BEGIN

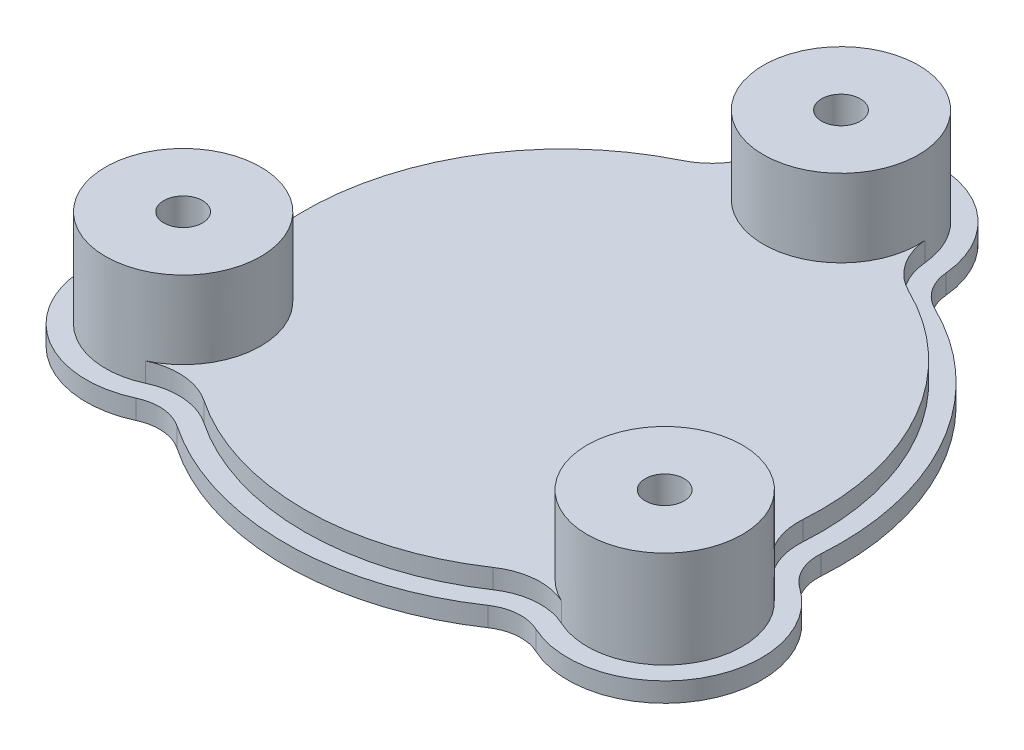
SolidWorks part; units mm, degrees
ref_plane "Płaszczyzna przednia" through (0, 0, 0) normal (0, 0, 1) x (1, 0, 0)
ref_plane "Płaszczyzna górna" through (0, 0, 0) normal (0, 1, 0) x (1, 0, 0)
ref_plane "Płaszczyzna prawa" through (0, 0, 0) normal (1, 0, 0) x (0, 0, -1)
sketch "Szkic1" plane through (0, 0, 0) normal (0, 1, 0) x (1, 0, 0)
  line L0 (0, 0) -> (0, 43) construction
  arc A0 (-39.8693, -16.1072) -> (-33.8839, -26.4742) centre (0, 0) ccw
  circle A1 centre (0, 43) radius 6
  circle A2 centre (37.2391, -21.5) radius 6
  circle A3 centre (-37.2391, -21.5) radius 6
  circle A4 centre (0, 43) radius 15
  circle A5 centre (37.2391, -21.5) radius 15
  circle A6 centre (-37.2391, -21.5) radius 15
  arc A7 (-30.915, -35.1017) -> (-24.0488, -35.6462) centre (-27.9637, -41.4491) cw
  arc A8 (-44.9043, -8.6064) -> (-42.7765, -4.3781) centre (-47.1518, -4.8259) ccw
  arc A9 (-18.8462, 38.65) -> (-14.9415, 44.324) centre (-21.9141, 44.9419) ccw
  arc A10 (14.9415, 44.324) -> (18.8462, 38.65) centre (21.9141, 44.9419) ccw
  arc A11 (42.895, -3.0038) -> (45.8564, -9.2223) centre (49.8779, -3.4927) ccw
  arc A12 (24.0488, -35.6462) -> (30.915, -35.1017) centre (27.9637, -41.4491) cw
  arc A13 (-27.5883, -32.9831) -> (27.5883, -32.9831) centre (0, 0) ccw
  arc A14 (33.8839, -26.4742) -> (39.8693, -16.1072) centre (0, 0) ccw
  arc A15 (42.3584, -7.4006) -> (14.7701, 40.3837) centre (0, 0) ccw
  arc A16 (5.9854, 42.5814) -> (-5.9854, 42.5814) centre (0, 0) ccw
  arc A17 (-14.7701, 40.3837) -> (-42.3584, -7.4006) centre (0, 0) ccw
  point P12 (0, 0)
  point P17 (0, 0)
  dimension "D1" = 86
  dimension "D2" = 12
  dimension "D4" = 30
  dimension "D6" = 7
  dimension "D7" = 7
  dimension "D8" = 7
  dimension "D9" = 7
  dimension "D10" = 7
  dimension "D11" = 4.3981
  dimension "D3" = 3
  dimension "D5" = 3
extrude "Dodanie-wyciągnięcie3" add sketch "Szkic1" along normal blind 3
sketch "Szkic2" plane through (0, 3, 0) normal (0, 1, 0) x (1, 0, 0)
  circle A12 centre (37.2391, -21.5) radius 6 construction
  circle A13 centre (0, 43) radius 6 construction
  circle A14 centre (-37.2391, -21.5) radius 6 construction
  circle A15 centre (37.2391, -21.5) radius 6
  circle A16 centre (0, 43) radius 6
  circle A17 centre (-37.2391, -21.5) radius 6
  arc A24 (32.1798, -32.3813) -> (22.371, -33.1593) centre (27.9637, -41.4491) ccw
  arc A25 (32.1798, -32.3813) -> (44.133, -11.6779) centre (37.2391, -21.5) ccw
  arc A26 (39.9023, -2.7942) -> (44.133, -11.6779) centre (49.8779, -3.4927) ccw
  arc A27 (39.9023, -2.7942) -> (17.5313, 35.9535) centre (0, 0) ccw
  arc A28 (11.9532, 44.0592) -> (17.5313, 35.9535) centre (21.9141, 44.9419) ccw
  arc A29 (11.9532, 44.0592) -> (-11.9532, 44.0592) centre (0, 43) ccw
  arc A30 (-17.5313, 35.9535) -> (-11.9532, 44.0592) centre (-21.9141, 44.9419) ccw
  arc A31 (-17.5313, 35.9535) -> (-39.7921, -4.0727) centre (0, 0) ccw
  arc A32 (-43.3712, -11.1851) -> (-39.7921, -4.0727) centre (-47.1518, -4.8259) ccw
  arc A33 (-43.3712, -11.1851) -> (-32.1798, -32.3813) centre (-37.2391, -21.5) ccw
  arc A34 (-22.371, -33.1593) -> (-32.1798, -32.3813) centre (-27.9637, -41.4491) ccw
  arc A35 (-22.371, -33.1593) -> (22.371, -33.1593) centre (0, 0) ccw
  arc A36 (32.1798, -32.3813) -> (22.371, -33.1593) centre (27.9637, -41.4491) ccw
  arc A37 (32.1798, -32.3813) -> (44.133, -11.6779) centre (37.2391, -21.5) ccw
  arc A38 (39.9023, -2.7942) -> (44.133, -11.6779) centre (49.8779, -3.4927) ccw
  arc A39 (39.9023, -2.7942) -> (17.5313, 35.9535) centre (0, 0) ccw
  arc A40 (11.9532, 44.0592) -> (17.5313, 35.9535) centre (21.9141, 44.9419) ccw
  arc A41 (11.9532, 44.0592) -> (-11.9532, 44.0592) centre (0, 43) ccw
  arc A42 (-17.5313, 35.9535) -> (-11.9532, 44.0592) centre (-21.9141, 44.9419) ccw
  arc A43 (-17.5313, 35.9535) -> (-39.7921, -4.0727) centre (0, 0) ccw
  arc A44 (-43.3712, -11.1851) -> (-39.7921, -4.0727) centre (-47.1518, -4.8259) ccw
  arc A45 (-43.3712, -11.1851) -> (-32.1798, -32.3813) centre (-37.2391, -21.5) ccw
  arc A46 (-22.371, -33.1593) -> (-32.1798, -32.3813) centre (-27.9637, -41.4491) ccw
  arc A47 (-22.371, -33.1593) -> (22.371, -33.1593) centre (0, 0) ccw
  dimension "D1" = 3
extrude "Dodanie-wyciągnięcie5" add sketch "Szkic2" along normal blind 3
sketch "Szkic3" plane through (0, 6, 0) normal (0, 1, 0) x (1, 0, 0)
  circle A6 centre (0, 43) radius 12
  circle A7 centre (37.2391, -21.5) radius 12
  circle A8 centre (-37.2391, -21.5) radius 12
  point P3 (37.2391, -21.5)
  point P11 (37.2391, -21.5)
  point P12 (0, 0)
  point P17 (0, 0)
  dimension "D1" = 24
  dimension "D3" = 6.8939
  dimension "D4" = 44.133
  dimension "D5" = 11.6779
  dimension "D2" = 3
extrude "Dodanie-wyciągnięcie7" add sketch "Szkic3" along normal offset from surface (12 mm away) 18 contours A6 | A8 | A7 up to face at (-0.0233, 0, 0.0337)
sketch "Szkic4" plane through (0, 18, 0) normal (0, 1, 0) x (1, 0, 0)
  circle A1 centre (0, 43) radius 12 construction
  circle A2 centre (0, 43) radius 12
  circle A3 centre (0, 43) radius 3
  circle A4 centre (37.2391, -21.5) radius 3
  circle A5 centre (-37.2391, -21.5) radius 3
  point P4 (46.1085, -26.3963)
  point P5 (0, 0)
  point P6 (0, 0)
  point P11 (0, 0)
  point P12 (0, 0)
  dimension "D1" = 6
  dimension "D2" = 3
extrude "Wytnij-wyciągnięcie1" cut sketch "Szkic4" against normal blind 6 contours A3 | A4 | A5
sketch "Szkic5" plane through (0, 6, 0) normal (0, -1, 0) x (1, 0, 0)
  circle A0 centre (37.2391, 21.5) radius 6 construction
  circle A1 centre (0, -43) radius 6 construction
  circle A2 centre (-37.2391, 21.5) radius 6 construction
  circle A3 centre (37.2391, 21.5) radius 6
  circle A4 centre (0, -43) radius 6
  circle A5 centre (-37.2391, 21.5) radius 6
extrude "Wytnij-wyciągnięcie2" cut sketch "Szkic5" against normal blind 6
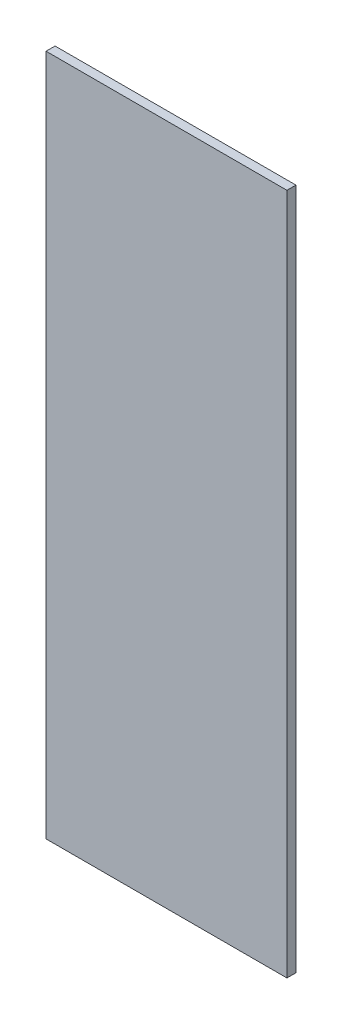
SolidWorks part; units mm, degrees
ref_plane "Plan de face" through (0, 0, 0) normal (0, 0, 1) x (1, 0, 0)
ref_plane "Plan de dessus" through (0, 0, 0) normal (0, 1, 0) x (1, 0, 0)
ref_plane "Plan de droite" through (0, 0, 0) normal (1, 0, 0) x (0, 0, -1)
sketch "Esquisse1" plane through (0, 0, 0) normal (0, 0, 1) x (1, 0, 0)
  line L1 (-53.5, -151.5) -> (53.5, -151.5)
  line L2 (-53.5, -151.5) -> (-53.5, 151.5)
  line L3 (-53.5, 151.5) -> (53.5, 151.5)
  line L4 (53.5, -151.5) -> (53.5, 151.5)
  line L5 (-53.5, -151.5) -> (53.5, 151.5) construction
  line L6 (-53.5, 151.5) -> (53.5, -151.5) construction
  point P0 (0, 0)
  dimension "D1" = 107
  dimension "D2" = 303
extrude "Boss.-Extru.1" add sketch "Esquisse1" along normal blind 4
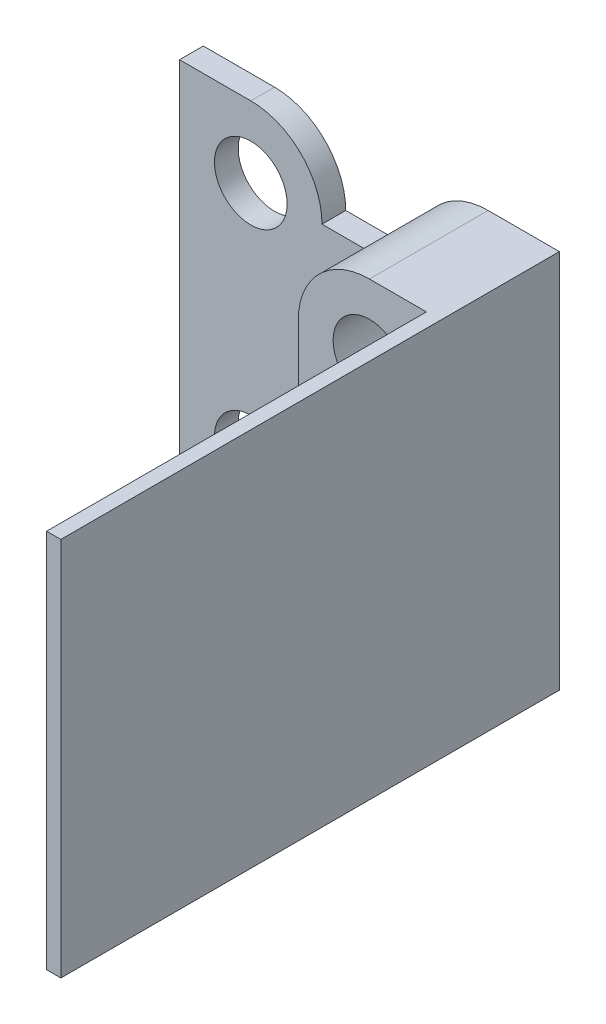
SolidWorks part; units mm, degrees
ref_plane "Front Plane" through (0, 0, 0) normal (0, 0, 1) x (1, 0, 0)
ref_plane "Top Plane" through (0, 0, 0) normal (0, 1, 0) x (1, 0, 0)
ref_plane "Right Plane" through (0, 0, 0) normal (1, 0, 0) x (0, 0, -1)
sketch "Sketch1" plane through (0, 0, 0) normal (0, 0, 1) x (1, 0, 0)
  line L0 (45, 50) -> (0, 50) construction
  line L1 (0, 50) -> (0, 0) construction
  line L2 (-15, 65) -> (0, 65)
  line L3 (60, 65) -> (60, 41.9663)
  line L4 (15, 50) -> (30, 50)
  line L5 (12.6521, -15) -> (-15, -15)
  line L6 (-15, -15) -> (-15, 65)
  line L7 (60, 41.9663) -> (60, -15)
  line L8 (60, -15) -> (12.6521, -15)
  line L9 (45, 65) -> (60, 65)
  circle A0 centre (0, 0) radius 7.65
  circle A1 centre (45, 50) radius 7.65
  circle A2 centre (0, 50) radius 7.65
  arc A3 (45, 65) -> (30, 50) centre (45, 50) ccw
  arc A4 (0, 65) -> (15, 50) centre (0, 50) cw
  dimension "D1" = 15.3
  dimension "D4" = 15
  dimension "D5" = 15
  dimension "D2" = 45
  dimension "D3" = 50
  dimension "D6" = 15
  dimension "D7" = 15
extrude "Boss-Extrude2" add sketch "Sketch1" along normal blind 5
sketch "Sketch2" plane through (0, 0, 5) normal (0, 0, 1) x (1, 0, 0)
  line L0 (-15, -15) -> (60, -15) construction
  line L1 (60, 65) -> (57, 65)
  line L2 (60, 65) -> (60, -15)
  line L3 (60, -15) -> (57, -15)
  line L4 (57, 65) -> (57, -15)
  dimension "D1" = 3
extrude "Boss-Extrude3" add sketch "Sketch2" along normal blind 100
sketch "Sketch3" plane through (0, 0, 5) normal (0, 0, 1) x (1, 0, 0)
  line L0 (30, 50) -> (30, 35)
  line L1 (30, 35) -> (57, 35)
  line L2 (57, 65) -> (57, -15) construction
  line L3 (57, 35) -> (57, 65)
  line L4 (57, 65) -> (45, 65)
  circle A0 centre (45, 50) radius 7.65
  arc A1 (45, 65) -> (30, 50) centre (45, 50) ccw
extrude "Boss-Extrude4" add sketch "Sketch3" along normal blind 20

END

YOUR ASSIGNMENT — The response must contain each line above that holds the string "Dodanie".

YOUR SOLUTION —
extrude "Dodanie-wyciągnięcie3" add sketch "Szkic1" along normal blind 3
extrude "Dodanie-wyciągnięcie5" add sketch "Szkic2" along normal blind 3
extrude "Dodanie-wyciągnięcie7" add sketch "Szkic3" along normal offset from surface (12 mm away) 18 contours A6 | A8 | A7 up to face at (-0.0233, 0, 0.0337)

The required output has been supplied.